Apesar da evolução, o estudo destaca que ainda existem desafios relacionados às desigualdades sociais e econômicas dentro do estado, indicando a necessidade de continuidade das políticas públicas voltadas à inclusão e melhoria da qualidade de vida da população.

Brasil entra em grupo de muito alto desenvolvimento humano

O Radar IDHM 2024 também trouxe um marco histórico para o país. Pela primeira vez, o Brasil atingiu índice de 0,805 e passou a integrar o grupo de nações com muito alto desenvolvimento humano.

Segundo o relatório, o país apresentou forte recuperação após as perdas registradas durante a pandemia. O índice nacional subiu de 0,788 em 2022 para 0,798 em 2023, alcançando o novo patamar em 2024.
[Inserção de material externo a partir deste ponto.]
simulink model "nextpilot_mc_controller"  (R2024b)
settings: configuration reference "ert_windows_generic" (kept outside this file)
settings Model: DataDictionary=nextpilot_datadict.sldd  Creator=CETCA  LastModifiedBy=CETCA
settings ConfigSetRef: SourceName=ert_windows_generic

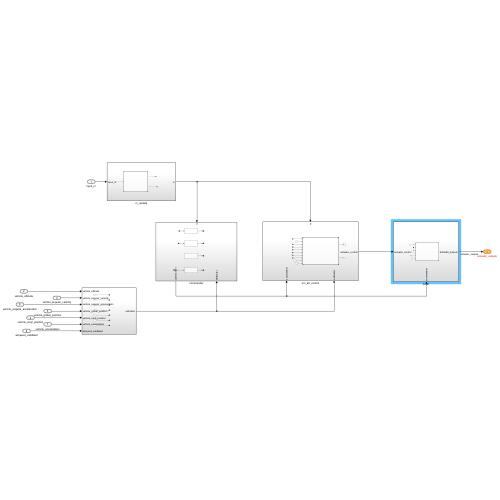
[thumbnail: Simulink's stored preview of the top-level diagram]
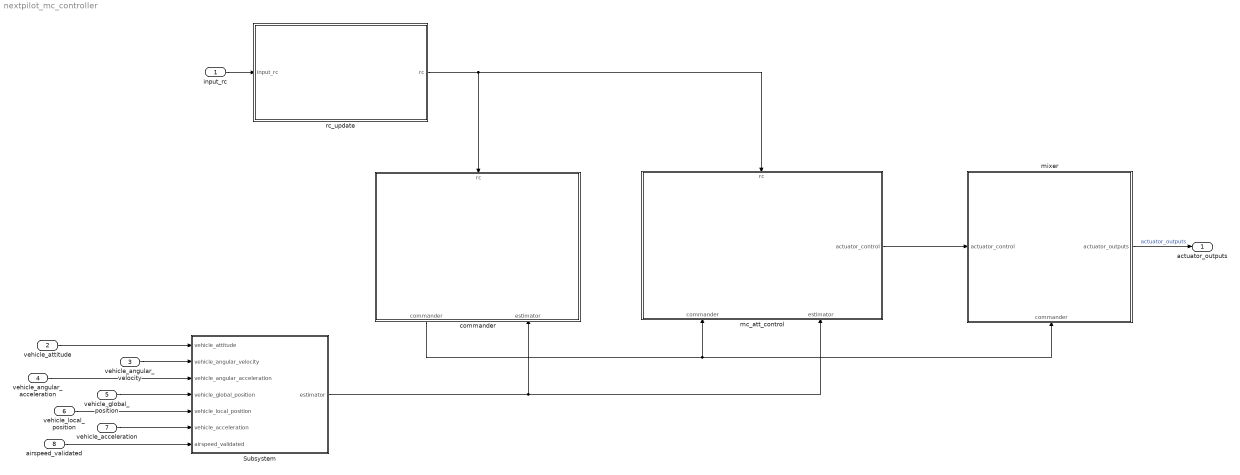
== system nextpilot_mc_controller ==
  input_rc : Inport  OutDataTypeStr=Bus: input_rc_s
  vehicle_attitude : Inport  Port=2  OutDataTypeStr=Bus: vehicle_attitude_s
  vehicle_angular_velocity : Inport  Port=3  OutDataTypeStr=Bus: vehicle_angular_velocity_s
  vehicle_angular_acceleration : Inport  Port=4  OutDataTypeStr=Bus: vehicle_angular_acceleration_s
  vehicle_global_position : Inport  Port=5  OutDataTypeStr=Bus: vehicle_global_position_s
  vehicle_local_position : Inport  Port=6  OutDataTypeStr=Bus: vehicle_local_position_s
  vehicle_acceleration : Inport  Port=7  OutDataTypeStr=Bus: vehicle_acceleration_s
  airspeed_validated : Inport  Port=8  OutDataTypeStr=Bus: airspeed_validated_s
  Subsystem : Subsystem
  commander : Subsystem
      settings: PortSchema="{\"entries\":[{\"content\":{\"sides\":[{\"content\":{},\"type\":\"ConnectorPlacement.EquallySpacedRectSide\",\"uuid\":\"bb59bce1-0500-499a-a754-fb562466c3fb\"},{\"content\":{\"side\":\"RIGHT\"},\"type\":\"ConnectorPlacement.EquallySpacedRectSide\",\"uuid\":\"d03be637-01f7-4508-9bed-614789f3ac84\"},{\"content\":{\"connectorIds\":[\"In1\"],\"side\":\"TOP\"},\"type\":\"ConnectorPlacement.EquallySpacedRectSide\",\"uuid\":\"40f04b52-742b-4cc1-b867-8f89007f8da4\"},{\"content\":{\"connectorIds\":[\"Out1\",\"In2\"],\"side\":\"BOTTOM\"},\"type\":\"ConnectorPlacement.EquallySpacedRectSide\",\"uuid\":\"82adcf13-71aa-4e7e-9e4a-b137b14c20f8\"}]},\"type\":\"ConnectorPlacement.EquallySpacedConnector\",\"uuid\":\"6dab003a-640a-4390-82e5-f1f3e1a9ff99\"}],\"packageUris\":[\"http://schema.mathworks.com/mf0/Connector/R2020b\"],\"version\":\"1.0\"}"
  mc_att_control : Subsystem
      settings: PortSchema="{\"entries\":[{\"content\":{\"sides\":[{\"content\":{},\"type\":\"ConnectorPlacement.EquallySpacedRectSide\",\"uuid\":\"8cc7357a-ade9-4fca-b691-0bf58c66e2d0\"},{\"content\":{\"connectorIds\":[\"Out1\"],\"side\":\"RIGHT\"},\"type\":\"ConnectorPlacement.EquallySpacedRectSide\",\"uuid\":\"b5274986-9954-46fa-b3dc-c31aff903af8\"},{\"content\":{\"connectorIds\":[\"In1\"],\"side\":\"TOP\"},\"type\":\"ConnectorPlacement.EquallySpacedRectSide\",\"uuid\":\"14b6fcf2-4d37-458e-9048-ee99ebe3ce39\"},{\"content\":{\"connectorIds\":[\"In2\",\"In3\"],\"side\":\"BOTTOM\"},\"type\":\"ConnectorPlacement.EquallySpacedRectSide\",\"uuid\":\"af48eb8e-a9e9-4185-b20b-af7f7c9ca0d4\"}]},\"type\":\"ConnectorPlacement.EquallySpacedConnector\",\"uuid\":\"f9df30c3-57ae-4b0b-8783-4331d6574a58\"}],\"packageUris\":[\"http://schema.mathworks.com/mf0/Connector/R2020b\"],\"version\":\"1.0\"}"
  mixer : Subsystem
      settings: PortSchema="{\"entries\":[{\"content\":{\"sides\":[{\"content\":{\"connectorIds\":[\"In1\"]},\"type\":\"ConnectorPlacement.EquallySpacedRectSide\",\"uuid\":\"3d420975-d52f-4ea6-b135-49495d2f3a48\"},{\"content\":{\"connectorIds\":[\"Out1\"],\"side\":\"RIGHT\"},\"type\":\"ConnectorPlacement.EquallySpacedRectSide\",\"uuid\":\"d9c1bfac-a917-4933-9fdf-1d1fd6628fe1\"},{\"content\":{\"side\":\"TOP\"},\"type\":\"ConnectorPlacement.EquallySpacedRectSide\",\"uuid\":\"d6b9a500-1ae7-4512-ba6e-304e74ce2a0b\"},{\"content\":{\"connectorIds\":[\"In2\"],\"side\":\"BOTTOM\"},\"type\":\"ConnectorPlacement.EquallySpacedRectSide\",\"uuid\":\"5a0f04b4-44b8-422f-8a91-088f12e79982\"}]},\"type\":\"ConnectorPlacement.EquallySpacedConnector\",\"uuid\":\"ff4d724c-bb48-4dbc-99a0-795b23573ad3\"}],\"packageUris\":[\"http://schema.mathworks.com/mf0/Connector/R2020b\"],\"version\":\"1.0\"}"
  rc_update : Subsystem
  actuator_outputs : Outport  OutDataTypeStr=Bus: actuator_outputs_s
  wires:
  vehicle_angular_velocity/1 -> Subsystem/2(vehicle_angular_velocity)
  vehicle_acceleration/1 -> Subsystem/6(vehicle_acceleration)
  vehicle_local_position/1 -> Subsystem/5(vehicle_local_position)
  vehicle_global_position/1 -> Subsystem/4(vehicle_global_position)
  vehicle_attitude/1 -> Subsystem/1(vehicle_attitude)
  commander/1(commander) -> mixer/2(commander), mc_att_control/2(commander)
  mixer/1(actuator_outputs) -> actuator_outputs/1  "actuator_outputs"
  mc_att_control/1(actuator_control) -> mixer/1(actuator_control)
  input_rc/1 -> rc_update/1(input_rc)
  rc_update/1(rc) -> mc_att_control/1(rc), commander/1(rc)
  vehicle_angular_acceleration/1 -> Subsystem/3(vehicle_angular_acceleration)
  Subsystem/1(estimator) -> commander/2(estimator), mc_att_control/3(estimator)
  airspeed_validated/1 -> Subsystem/7(airspeed_validated)

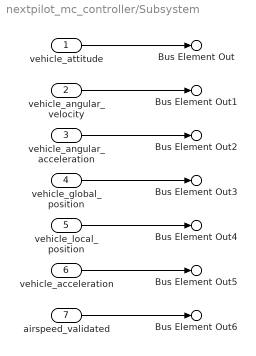
== system nextpilot_mc_controller/Subsystem ==
  vehicle_attitude : Inport
  vehicle_angular_velocity : Inport  Port=2
  vehicle_angular_acceleration : Inport  Port=3
  vehicle_global_position : Inport  Port=4
  vehicle_local_position : Inport  Port=5
  vehicle_acceleration : Inport  Port=6
  airspeed_validated : Inport  Port=7
  Bus Element Out : Outport  PortName=estimator  Element=vehicle_attitude
  Bus Element Out1 : Outport  PortName=estimator  Element=vehicle_angular_velocity
  Bus Element Out2 : Outport  PortName=estimator  Element=vehicle_angular_acceleration
  Bus Element Out3 : Outport  PortName=estimator  Element=vehicle_global_position
  Bus Element Out4 : Outport  PortName=estimator  Element=vehicle_local_position
  Bus Element Out5 : Outport  PortName=estimator  Element=vehicle_acceleration
  Bus Element Out6 : Outport  PortName=estimator  Element=airspeed_validated
  wires:
  vehicle_attitude/1 -> Bus Element Out/1
  vehicle_angular_velocity/1 -> Bus Element Out1/1
  vehicle_angular_acceleration/1 -> Bus Element Out2/1
  vehicle_global_position/1 -> Bus Element Out3/1
  vehicle_local_position/1 -> Bus Element Out4/1
  vehicle_acceleration/1 -> Bus Element Out5/1
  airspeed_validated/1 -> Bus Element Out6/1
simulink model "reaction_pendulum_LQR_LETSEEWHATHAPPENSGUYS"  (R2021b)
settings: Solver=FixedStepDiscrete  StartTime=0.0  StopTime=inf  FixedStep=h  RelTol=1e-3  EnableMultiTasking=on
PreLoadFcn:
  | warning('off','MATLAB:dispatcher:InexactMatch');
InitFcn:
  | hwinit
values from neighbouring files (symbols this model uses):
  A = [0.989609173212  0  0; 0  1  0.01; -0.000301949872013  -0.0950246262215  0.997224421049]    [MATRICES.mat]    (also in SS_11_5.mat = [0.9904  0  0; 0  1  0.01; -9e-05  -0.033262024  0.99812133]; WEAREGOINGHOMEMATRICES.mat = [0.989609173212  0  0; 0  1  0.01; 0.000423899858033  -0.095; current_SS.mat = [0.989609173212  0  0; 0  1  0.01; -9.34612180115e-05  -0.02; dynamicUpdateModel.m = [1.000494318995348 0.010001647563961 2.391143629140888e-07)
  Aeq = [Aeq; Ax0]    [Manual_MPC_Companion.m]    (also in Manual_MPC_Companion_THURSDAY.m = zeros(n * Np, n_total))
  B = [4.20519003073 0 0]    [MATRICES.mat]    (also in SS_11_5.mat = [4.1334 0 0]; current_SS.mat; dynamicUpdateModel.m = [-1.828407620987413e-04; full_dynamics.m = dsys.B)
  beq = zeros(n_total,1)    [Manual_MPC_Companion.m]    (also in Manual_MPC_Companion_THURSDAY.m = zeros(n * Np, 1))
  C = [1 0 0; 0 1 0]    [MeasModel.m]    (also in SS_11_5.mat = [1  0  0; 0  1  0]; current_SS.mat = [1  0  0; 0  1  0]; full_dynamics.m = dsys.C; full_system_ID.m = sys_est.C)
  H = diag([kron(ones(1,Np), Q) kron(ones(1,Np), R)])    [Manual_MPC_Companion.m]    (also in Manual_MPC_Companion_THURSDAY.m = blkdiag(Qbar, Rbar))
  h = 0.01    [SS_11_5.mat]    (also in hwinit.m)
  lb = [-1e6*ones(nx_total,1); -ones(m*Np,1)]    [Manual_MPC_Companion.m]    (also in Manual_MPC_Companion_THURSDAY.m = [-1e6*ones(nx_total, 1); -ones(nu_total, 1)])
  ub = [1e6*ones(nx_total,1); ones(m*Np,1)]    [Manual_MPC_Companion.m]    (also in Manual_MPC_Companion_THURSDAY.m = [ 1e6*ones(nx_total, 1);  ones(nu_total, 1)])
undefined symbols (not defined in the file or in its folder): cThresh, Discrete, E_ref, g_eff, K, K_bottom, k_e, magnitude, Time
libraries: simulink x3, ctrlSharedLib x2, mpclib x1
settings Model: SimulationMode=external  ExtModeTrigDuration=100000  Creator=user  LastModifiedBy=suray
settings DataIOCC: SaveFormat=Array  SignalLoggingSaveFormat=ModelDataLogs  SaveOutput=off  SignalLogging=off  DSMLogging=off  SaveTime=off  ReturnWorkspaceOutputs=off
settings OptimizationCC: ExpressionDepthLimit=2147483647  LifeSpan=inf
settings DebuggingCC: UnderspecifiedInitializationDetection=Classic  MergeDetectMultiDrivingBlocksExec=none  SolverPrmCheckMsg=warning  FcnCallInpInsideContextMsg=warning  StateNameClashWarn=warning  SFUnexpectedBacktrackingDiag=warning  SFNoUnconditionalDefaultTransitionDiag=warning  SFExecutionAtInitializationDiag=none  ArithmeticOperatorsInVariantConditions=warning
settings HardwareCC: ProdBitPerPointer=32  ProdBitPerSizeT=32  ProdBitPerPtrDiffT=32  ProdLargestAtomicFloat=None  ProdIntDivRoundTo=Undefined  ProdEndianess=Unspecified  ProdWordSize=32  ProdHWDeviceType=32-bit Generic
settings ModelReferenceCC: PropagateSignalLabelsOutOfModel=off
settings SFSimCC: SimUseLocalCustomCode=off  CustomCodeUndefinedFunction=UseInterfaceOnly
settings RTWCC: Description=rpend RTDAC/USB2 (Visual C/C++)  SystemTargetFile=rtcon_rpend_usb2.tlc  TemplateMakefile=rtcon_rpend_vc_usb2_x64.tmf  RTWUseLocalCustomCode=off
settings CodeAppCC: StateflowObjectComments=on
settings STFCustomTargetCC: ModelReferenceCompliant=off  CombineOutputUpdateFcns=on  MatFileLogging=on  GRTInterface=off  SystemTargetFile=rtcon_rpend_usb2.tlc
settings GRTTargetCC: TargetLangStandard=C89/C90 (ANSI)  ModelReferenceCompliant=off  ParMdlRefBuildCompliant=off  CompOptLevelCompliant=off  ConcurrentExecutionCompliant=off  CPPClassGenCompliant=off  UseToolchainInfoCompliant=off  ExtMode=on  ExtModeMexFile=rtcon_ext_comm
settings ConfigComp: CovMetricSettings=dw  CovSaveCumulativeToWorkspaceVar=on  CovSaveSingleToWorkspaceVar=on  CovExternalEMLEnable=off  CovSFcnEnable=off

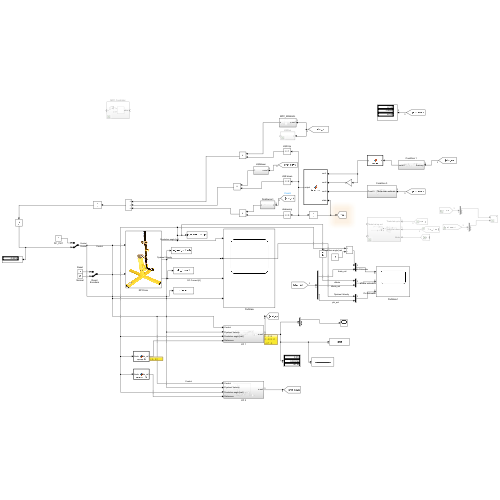
[thumbnail: Simulink's stored preview of the top-level diagram]
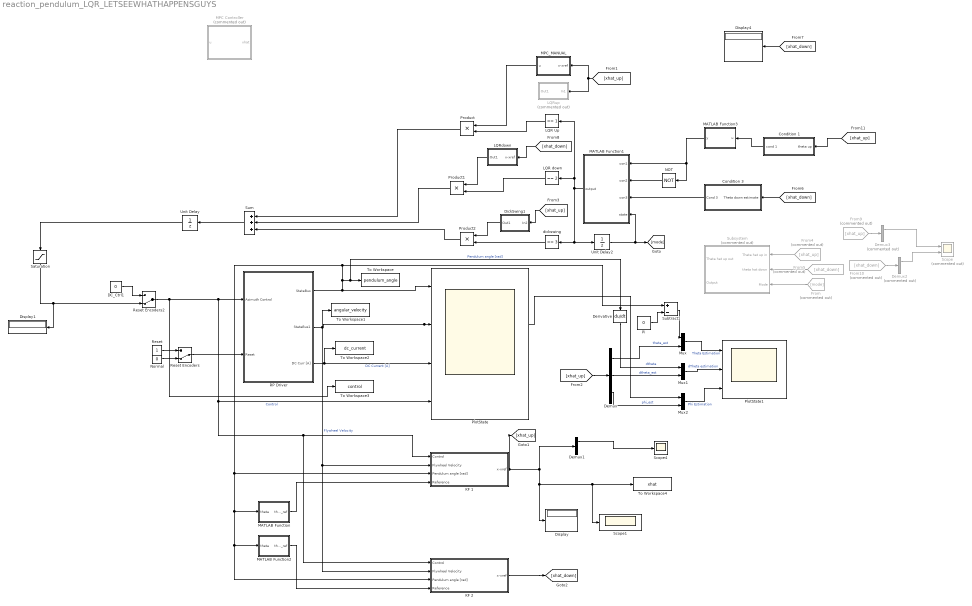
== system reaction_pendulum_LQR_LETSEEWHATHAPPENSGUYS ==
  Condition 1 : Subsystem
  Condition 3 : Subsystem
  DC_Ctrl1 : Constant  Value=0
  Demux : Demux  Outputs=3
  Demux1 : Demux  Outputs=3
  Demux2 : Demux  Commented=on  Outputs=3
  Demux3 : Demux  Commented=on  Outputs=3
  Derivative : Derivative
  DickSwing1 : Subsystem
  Display : Display
  Display1 : Display
  Display4 : Display
  From : From  Commented=on  GotoTag=mode
  From10 : From  Commented=on  GotoTag=xhat_down
  From4 : From  Commented=on  GotoTag=xhat_up
  From5 : From  Commented=on  GotoTag=xhat_down
  From9 : From  Commented=on  GotoTag=xhat_up
  KF 1 : Subsystem
  KF 2 : Subsystem
  LQR Up : simulink/Logic and Bit Operations/Compare To Constant  relop===  const=1  OutDataTypeStr=uint8
  LQR down : simulink/Logic and Bit Operations/Compare To Constant  relop===  const=2  OutDataTypeStr=uint8
  LQRdown : Subsystem
  LQRup : Subsystem  Commented=on
  MATLAB Function : MATLAB Function  TreatAsAtomicUnit=on
  MATLAB Function1 : MATLAB Function  TreatAsAtomicUnit=on
  MATLAB Function2 : MATLAB Function  TreatAsAtomicUnit=on
  MATLAB Function3 : MATLAB Function  TreatAsAtomicUnit=on
  MPC Controller : Subsystem  Commented=on
  MPC_MANUAL : Subsystem
  Mux : Mux  Inputs=2
  Mux1 : Mux  Inputs=2
  Mux2 : Mux  Inputs=2
  NOT : Logic  Operator=NOT  IconShape=distinctive  AllPortsSameDT=off  OutDataTypeStr=boolean
  Normal : Constant  Value=0
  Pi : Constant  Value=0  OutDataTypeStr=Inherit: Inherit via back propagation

Outro dado destacado pelo levantamento foi a redução das desigualdades raciais no desenvolvimento humano. Entre 2012 e 2024, a população negra apresentou crescimento de 10,3% no índice, enquanto a população branca registrou aumento de 5,5%. Com isso, a diferença entre os dois grupos caiu de 14% para 9% ao longo da série histórica.

COMPARTILHE!

Comentários:

Notícias Relacionadas

error: Conteúdo protegido!!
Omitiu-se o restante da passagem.